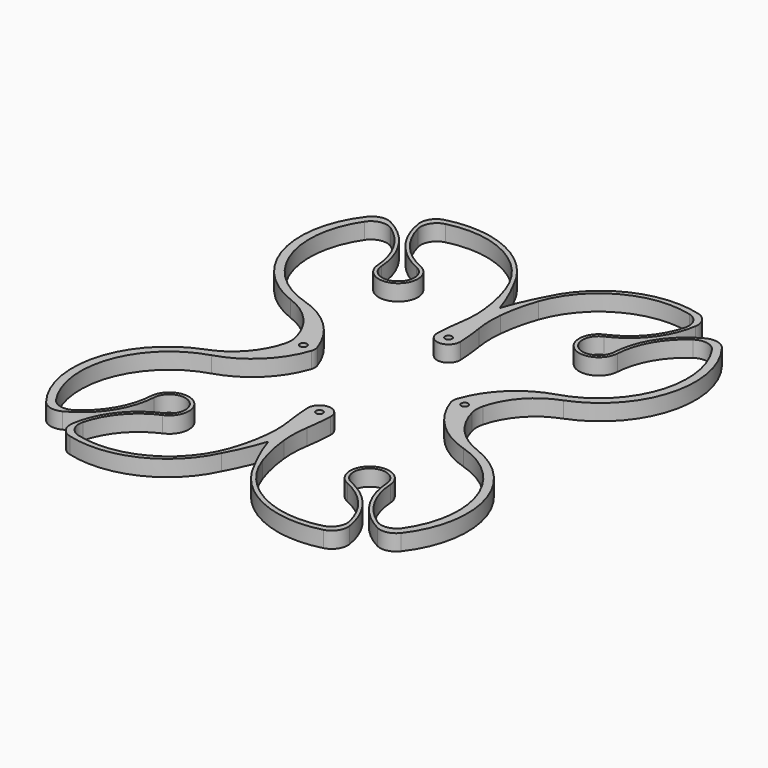
from build123d import *

# Parameters (mm, degrees)
F0_R     = 0.65
F1_DEPTH = 3
F2_R     = 3
F4_R     = 20
F6_R     = 5


with BuildPart() as f1:
    # F0 (on Top) → F1 (new body)
    with BuildSketch(Plane.XY):
        with BuildLine():
            ThreePointArc((3.048863873, 33.9435306954), (-0.6273013424, 24.8132137503), (-2.1481646082, 15.0888190064))
            ThreePointArc((-2.1481646082, 15.0888190064), (0.1920605746, 12.858595616), (2.0980751158, 15.4696603119))
            ThreePointArc((2.0980751158, 15.4696603119), (1.4192789442, 23.8429601845), (3.069932673, 32.0799655424))
            ThreePointArc((3.069932673, 32.0799655424), (12.0601559719, 41.7531852942), (25.2660232668, 41.7340981842))
            ThreePointArc((25.2660232668, 41.7340981842), (22.9072458685, 34.6943477022), (17.1816377079, 29.9678977812))
            ThreePointArc((17.1816377079, 29.9678977812), (16.5476801887, 23.6325364777), (22.284146214, 26.3950828614))
            ThreePointArc((22.284146214, 26.3950828614), (24.7672830036, 33.3919356789), (30.5757351999, 38.016197863))
            ThreePointArc((30.5757351999, 38.016197863), (34.599160335, 22.4278505324), (23.4304919264, 10.8327926069))
            ThreePointArc((23.4304919264, 10.8327926069), (16.96829678, 7.0280687356), (12.9631086037, 0.6881667238))
            ThreePointArc((12.9631086037, 0.6881667238), (14.6512999154, -2.1215344096), (17.15, 0))
            ThreePointArc((17.15, 0), (19.8850375187, 6.1416852415), (25.3777188204, 10.0186918127))
            ThreePointArc((25.3777188204, 10.0186918127), (36.3236498207, 22.8680604315), (31.4714428519, 39.0351803636))
            ThreePointArc((31.4714428519, 39.0351803636), (24.602916766, 34.2580637978), (21.6354084548, 26.4355713753))
            ThreePointArc((21.6354084548, 26.4355713753), (16.9205048724, 24.1649853065), (17.441565847, 29.3721315833))
            ThreePointArc((17.441565847, 29.3721315833), (23.7315501924, 34.7633774873), (25.9233123005, 42.752470948))
            ThreePointArc((25.9233123005, 42.752470948), (12.7075194654, 42.966465136), (3.048863873, 33.9435306954))
        make_face()
        with Locations((15, 0)):
            Circle(F0_R, mode=Mode.SUBTRACT)
        with Locations((0, 15)):
            Circle(F0_R, mode=Mode.SUBTRACT)
    extrude(amount=F1_DEPTH)

    # F2
    f2_edges = [f1.edges().sort_by_distance(p)[0] for p in [
        (30.575735, 38.016198, 1.5),
        (31.471443, 39.03518, 1.5),
        (25.923312, 42.752471, 1.5),
        (25.266023, 41.734098, 1.5),
    ]]
    fillet(f2_edges, radius=F2_R)

    # F3: F1 across plane


with BuildPart() as f1_1:
    add(f1.part)
    add(f1.part.mirror(Plane.YZ))

    # F4
    f4_edges = [f1_1.edges().sort_by_distance(p)[0] for p in [
        (-1.370487, 21.661677, 1.5),
        (1.370487, 21.661677, 1.5),
    ]]
    fillet(f4_edges, radius=F4_R)

    # F5: F1 across plane


with BuildPart() as f1_2:
    add(f1_1.part)
    add(f1_1.part.mirror(Plane.XZ))

    # F6
    f6_edges = [f1_2.edges().sort_by_distance(p)[0] for p in [
        (17.15, 0, 1.5),
        (-17.15, 0, 1.5),
    ]]
    fillet(f6_edges, radius=F6_R)


solid = f1_2.part
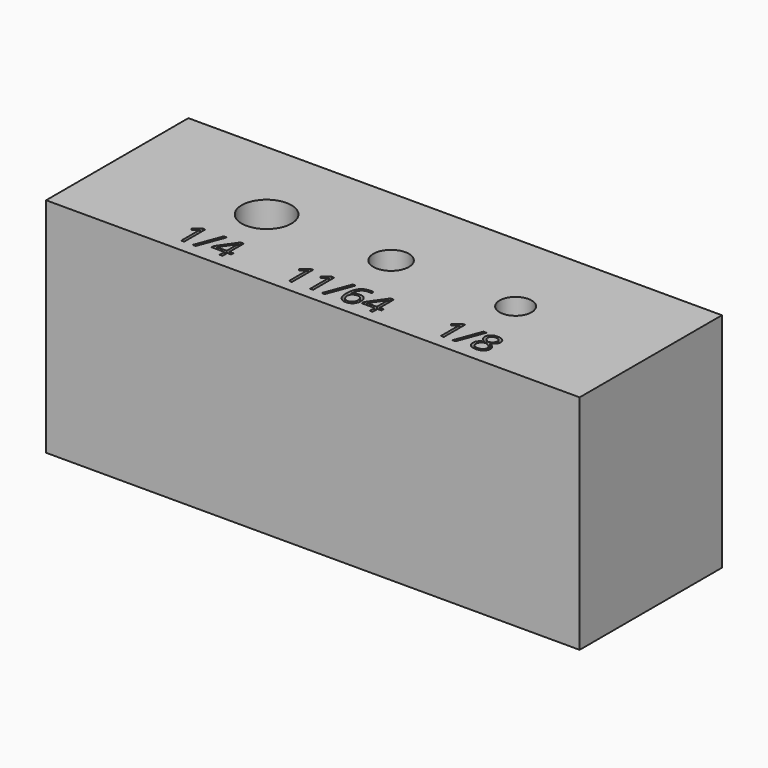
from build123d import *

# Parameters (mm, degrees)
F0_W         = 76.2
F0_H         = 25.4
F1_DEPTH     = 31.75
F3_DEPTH     = 25.4
F4_TEXT_SIZE = 5.2916666667
F5_DEPTH     = 2.54


# Not quite as in the source:
# - Text() gives the source's letters only with a copy of the font that has no kerning and outlines rounded to 1/6400 em; it was checked with that copy


with BuildPart() as f1:
    # F0 (on Top) → F1 (new body)
    with BuildSketch(Plane.XY):
        Rectangle(F0_W, F0_H)
    extrude(amount=F1_DEPTH)

    # F2 (on face) → F3 (cut)
    with BuildSketch(Plane.XY.offset(31.75)):
        with BuildLine():
            Line((-1.524, 0), (0, 0))
            Line((0, 0), (3.556, 0))
            ThreePointArc((3.556, 0), (1.016, 2.54), (-1.524, 0))
        make_face()
        with BuildLine():
            Line((3.556, 0), (0, 0))
            Line((0, 0), (-1.524, 0))
            ThreePointArc((-1.524, 0), (1.016, -2.54), (3.556, 0))
        make_face()
        with BuildLine():
            ThreePointArc((21.082, 0), (18.796, 2.286), (16.51, 0))
            Line((16.51, 0), (21.082, 0))
        make_face()
        with BuildLine():
            Line((21.082, 0), (16.51, 0))
            ThreePointArc((16.51, 0), (18.796, -2.286), (21.082, 0))
        make_face()
        with BuildLine():
            ThreePointArc((-20.32, 0), (-16.764, -3.556), (-13.208, 0))
            Line((-13.208, 0), (-20.32, 0))
        make_face()
        with BuildLine():
            Line((-20.32, 0), (-13.208, 0))
            ThreePointArc((-13.208, 0), (-16.764, 3.556), (-20.32, 0))
        make_face()
    extrude(amount=-F3_DEPTH, mode=Mode.SUBTRACT)

    # F4 (on face) → F5 (cut)
    with BuildSketch(Plane.XY.offset(31.75)):
        with Locations((-21.6720713027, -10.9037882781)):
            Text('1/4', F4_TEXT_SIZE, font='Open Sans', text_align=(TextAlign.LEFT, TextAlign.BOTTOM))
        with Locations((-6.2027975276, -10.9968022443)):
            Text('11/64', F4_TEXT_SIZE, font='Open Sans', text_align=(TextAlign.LEFT, TextAlign.BOTTOM))
        with Locations((15.322955339, -10.7811833732)):
            Text('1/8', F4_TEXT_SIZE, font='Open Sans', text_align=(TextAlign.LEFT, TextAlign.BOTTOM))
    extrude(amount=-F5_DEPTH, mode=Mode.SUBTRACT)


solid = f1.part

+---+

- Task prompt:
All lines from the start of the entries above through the line containing "-2.1215344096), (17.15, 0))" must be transcribed exactly, both ends included, and no picture may be copied.

- Answer:
from build123d import *

# Parameters (mm, degrees)
F0_R     = 0.65
F1_DEPTH = 3
F2_R     = 3
F4_R     = 20
F6_R     = 5


with BuildPart() as f1:
    # F0 (on Top) → F1 (new body)
    with BuildSketch(Plane.XY):
        with BuildLine():
            ThreePointArc((3.048863873, 33.9435306954), (-0.6273013424, 24.8132137503), (-2.1481646082, 15.0888190064))
            ThreePointArc((-2.1481646082, 15.0888190064), (0.1920605746, 12.858595616), (2.0980751158, 15.4696603119))
            ThreePointArc((2.0980751158, 15.4696603119), (1.4192789442, 23.8429601845), (3.069932673, 32.0799655424))
            ThreePointArc((3.069932673, 32.0799655424), (12.0601559719, 41.7531852942), (25.2660232668, 41.7340981842))
            ThreePointArc((25.2660232668, 41.7340981842), (22.9072458685, 34.6943477022), (17.1816377079, 29.9678977812))
            ThreePointArc((17.1816377079, 29.9678977812), (16.5476801887, 23.6325364777), (22.284146214, 26.3950828614))
            ThreePointArc((22.284146214, 26.3950828614), (24.7672830036, 33.3919356789), (30.5757351999, 38.016197863))
            ThreePointArc((30.5757351999, 38.016197863), (34.599160335, 22.4278505324), (23.4304919264, 10.8327926069))
            ThreePointArc((23.4304919264, 10.8327926069), (16.96829678, 7.0280687356), (12.9631086037, 0.6881667238))
            ThreePointArc((12.9631086037, 0.6881667238), (14.6512999154, -2.1215344096), (17.15, 0))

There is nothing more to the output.